▶ **WHAT IS NEEDED**: Only one stretch of the listing below is wanted. Begin at the line that has "163.04 90 bottom", stop after the line that has "156.21 0 top", and repeat every line in between exactly.
────────────────
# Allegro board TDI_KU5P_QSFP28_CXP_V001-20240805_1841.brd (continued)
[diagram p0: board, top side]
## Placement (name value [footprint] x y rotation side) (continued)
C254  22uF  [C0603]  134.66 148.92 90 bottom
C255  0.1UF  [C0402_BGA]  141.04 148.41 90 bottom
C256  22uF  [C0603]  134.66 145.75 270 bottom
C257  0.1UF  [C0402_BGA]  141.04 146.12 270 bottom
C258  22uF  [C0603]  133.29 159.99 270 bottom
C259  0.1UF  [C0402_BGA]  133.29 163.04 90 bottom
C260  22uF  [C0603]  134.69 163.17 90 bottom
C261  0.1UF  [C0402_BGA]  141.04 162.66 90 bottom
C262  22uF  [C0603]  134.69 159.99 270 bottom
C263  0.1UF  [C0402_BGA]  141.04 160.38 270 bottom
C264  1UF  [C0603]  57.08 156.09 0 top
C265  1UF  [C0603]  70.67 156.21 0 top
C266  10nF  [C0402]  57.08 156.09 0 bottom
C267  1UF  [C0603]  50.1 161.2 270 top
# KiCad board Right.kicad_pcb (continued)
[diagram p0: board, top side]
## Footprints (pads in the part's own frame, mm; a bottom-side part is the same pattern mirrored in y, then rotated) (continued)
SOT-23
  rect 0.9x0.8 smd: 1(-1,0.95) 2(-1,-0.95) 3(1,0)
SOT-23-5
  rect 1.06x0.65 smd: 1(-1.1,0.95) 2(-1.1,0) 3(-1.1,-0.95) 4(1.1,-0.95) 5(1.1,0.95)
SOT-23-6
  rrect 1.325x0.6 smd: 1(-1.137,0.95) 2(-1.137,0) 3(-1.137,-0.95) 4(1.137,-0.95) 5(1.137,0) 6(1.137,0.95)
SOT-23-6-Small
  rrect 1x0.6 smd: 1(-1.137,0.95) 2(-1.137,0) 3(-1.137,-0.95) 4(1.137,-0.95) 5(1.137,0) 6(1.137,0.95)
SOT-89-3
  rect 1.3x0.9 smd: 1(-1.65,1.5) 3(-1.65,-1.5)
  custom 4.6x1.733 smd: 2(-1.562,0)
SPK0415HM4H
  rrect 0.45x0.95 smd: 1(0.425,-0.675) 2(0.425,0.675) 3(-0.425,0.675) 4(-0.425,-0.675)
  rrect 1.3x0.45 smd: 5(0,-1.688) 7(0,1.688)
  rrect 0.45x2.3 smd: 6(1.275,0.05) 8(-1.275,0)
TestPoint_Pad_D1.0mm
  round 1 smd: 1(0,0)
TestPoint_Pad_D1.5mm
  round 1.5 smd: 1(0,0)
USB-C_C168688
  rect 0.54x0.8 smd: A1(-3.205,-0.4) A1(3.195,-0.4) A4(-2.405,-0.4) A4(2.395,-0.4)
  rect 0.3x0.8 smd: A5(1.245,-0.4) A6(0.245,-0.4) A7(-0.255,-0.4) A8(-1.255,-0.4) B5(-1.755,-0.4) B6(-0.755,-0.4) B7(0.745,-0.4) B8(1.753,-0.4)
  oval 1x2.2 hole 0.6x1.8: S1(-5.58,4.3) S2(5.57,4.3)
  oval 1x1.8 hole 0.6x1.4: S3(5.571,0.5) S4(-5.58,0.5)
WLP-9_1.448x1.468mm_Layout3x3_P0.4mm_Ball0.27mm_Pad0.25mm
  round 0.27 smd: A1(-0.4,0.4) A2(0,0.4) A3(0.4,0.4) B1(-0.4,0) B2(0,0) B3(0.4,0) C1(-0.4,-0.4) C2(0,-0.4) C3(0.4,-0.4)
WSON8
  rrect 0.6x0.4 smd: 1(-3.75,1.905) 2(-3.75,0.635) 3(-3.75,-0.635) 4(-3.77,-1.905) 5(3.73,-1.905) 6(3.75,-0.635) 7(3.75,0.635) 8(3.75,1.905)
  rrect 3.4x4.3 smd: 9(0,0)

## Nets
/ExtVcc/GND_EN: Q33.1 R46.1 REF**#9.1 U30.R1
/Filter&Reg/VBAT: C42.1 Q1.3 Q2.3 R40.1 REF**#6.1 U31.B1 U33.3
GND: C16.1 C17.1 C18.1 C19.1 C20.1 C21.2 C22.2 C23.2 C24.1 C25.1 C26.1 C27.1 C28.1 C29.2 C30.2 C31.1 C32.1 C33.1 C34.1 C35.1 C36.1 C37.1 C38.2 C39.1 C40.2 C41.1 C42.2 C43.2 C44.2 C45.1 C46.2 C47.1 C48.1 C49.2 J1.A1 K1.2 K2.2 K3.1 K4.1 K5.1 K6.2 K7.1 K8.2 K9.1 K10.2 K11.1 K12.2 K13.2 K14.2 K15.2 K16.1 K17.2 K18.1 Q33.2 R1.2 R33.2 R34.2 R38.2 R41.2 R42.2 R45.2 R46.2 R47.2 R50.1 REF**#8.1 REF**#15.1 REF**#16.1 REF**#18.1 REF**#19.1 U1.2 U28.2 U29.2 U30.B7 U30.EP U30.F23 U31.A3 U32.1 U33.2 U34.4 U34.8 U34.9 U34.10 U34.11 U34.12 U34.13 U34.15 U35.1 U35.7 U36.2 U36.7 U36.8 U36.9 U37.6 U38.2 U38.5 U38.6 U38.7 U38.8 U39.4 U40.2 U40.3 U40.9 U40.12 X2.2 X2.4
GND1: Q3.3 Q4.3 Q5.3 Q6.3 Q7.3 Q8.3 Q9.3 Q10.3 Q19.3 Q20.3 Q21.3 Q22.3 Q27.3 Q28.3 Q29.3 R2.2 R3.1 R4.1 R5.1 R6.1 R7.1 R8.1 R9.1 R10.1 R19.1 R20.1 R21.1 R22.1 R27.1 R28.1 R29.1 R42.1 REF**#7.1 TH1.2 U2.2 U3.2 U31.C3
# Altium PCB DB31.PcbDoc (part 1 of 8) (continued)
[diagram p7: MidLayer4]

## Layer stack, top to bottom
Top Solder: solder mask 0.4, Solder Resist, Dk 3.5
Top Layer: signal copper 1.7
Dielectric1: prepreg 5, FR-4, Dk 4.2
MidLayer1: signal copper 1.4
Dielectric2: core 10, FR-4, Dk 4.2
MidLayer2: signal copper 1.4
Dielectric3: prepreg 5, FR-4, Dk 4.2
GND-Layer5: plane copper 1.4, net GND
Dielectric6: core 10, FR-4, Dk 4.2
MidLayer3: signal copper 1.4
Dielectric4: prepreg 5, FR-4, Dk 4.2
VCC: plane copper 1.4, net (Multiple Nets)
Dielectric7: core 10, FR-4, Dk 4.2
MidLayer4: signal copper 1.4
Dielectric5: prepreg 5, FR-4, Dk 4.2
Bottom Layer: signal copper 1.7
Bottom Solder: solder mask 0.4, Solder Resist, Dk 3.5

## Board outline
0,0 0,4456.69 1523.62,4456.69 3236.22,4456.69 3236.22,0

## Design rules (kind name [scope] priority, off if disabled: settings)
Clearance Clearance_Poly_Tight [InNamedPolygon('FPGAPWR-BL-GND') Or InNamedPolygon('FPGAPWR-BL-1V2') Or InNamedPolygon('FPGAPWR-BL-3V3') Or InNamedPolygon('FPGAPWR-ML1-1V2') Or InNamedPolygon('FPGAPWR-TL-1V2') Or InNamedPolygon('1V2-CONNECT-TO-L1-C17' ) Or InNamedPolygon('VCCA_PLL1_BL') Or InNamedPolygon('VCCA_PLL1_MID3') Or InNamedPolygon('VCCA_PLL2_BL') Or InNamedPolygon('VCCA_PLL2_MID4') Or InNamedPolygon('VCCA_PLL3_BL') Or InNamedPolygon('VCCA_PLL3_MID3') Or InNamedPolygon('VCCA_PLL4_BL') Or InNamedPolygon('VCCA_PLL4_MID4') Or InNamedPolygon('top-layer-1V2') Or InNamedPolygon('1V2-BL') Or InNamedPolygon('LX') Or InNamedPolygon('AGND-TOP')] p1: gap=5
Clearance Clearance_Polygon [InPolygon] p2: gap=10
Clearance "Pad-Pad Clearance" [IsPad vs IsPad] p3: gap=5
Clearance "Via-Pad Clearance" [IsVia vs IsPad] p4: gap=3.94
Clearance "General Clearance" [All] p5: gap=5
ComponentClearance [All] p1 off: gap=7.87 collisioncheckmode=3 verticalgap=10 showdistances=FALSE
────────────────
▶ **SOLUTION TO THIS TASK**:
C259  0.1UF  [C0402_BGA]  133.29 163.04 90 bottom
C260  22uF  [C0603]  134.69 163.17 90 bottom
C261  0.1UF  [C0402_BGA]  141.04 162.66 90 bottom
C262  22uF  [C0603]  134.69 159.99 270 bottom
C263  0.1UF  [C0402_BGA]  141.04 160.38 270 bottom
C264  1UF  [C0603]  57.08 156.09 0 top
C265  1UF  [C0603]  70.67 156.21 0 top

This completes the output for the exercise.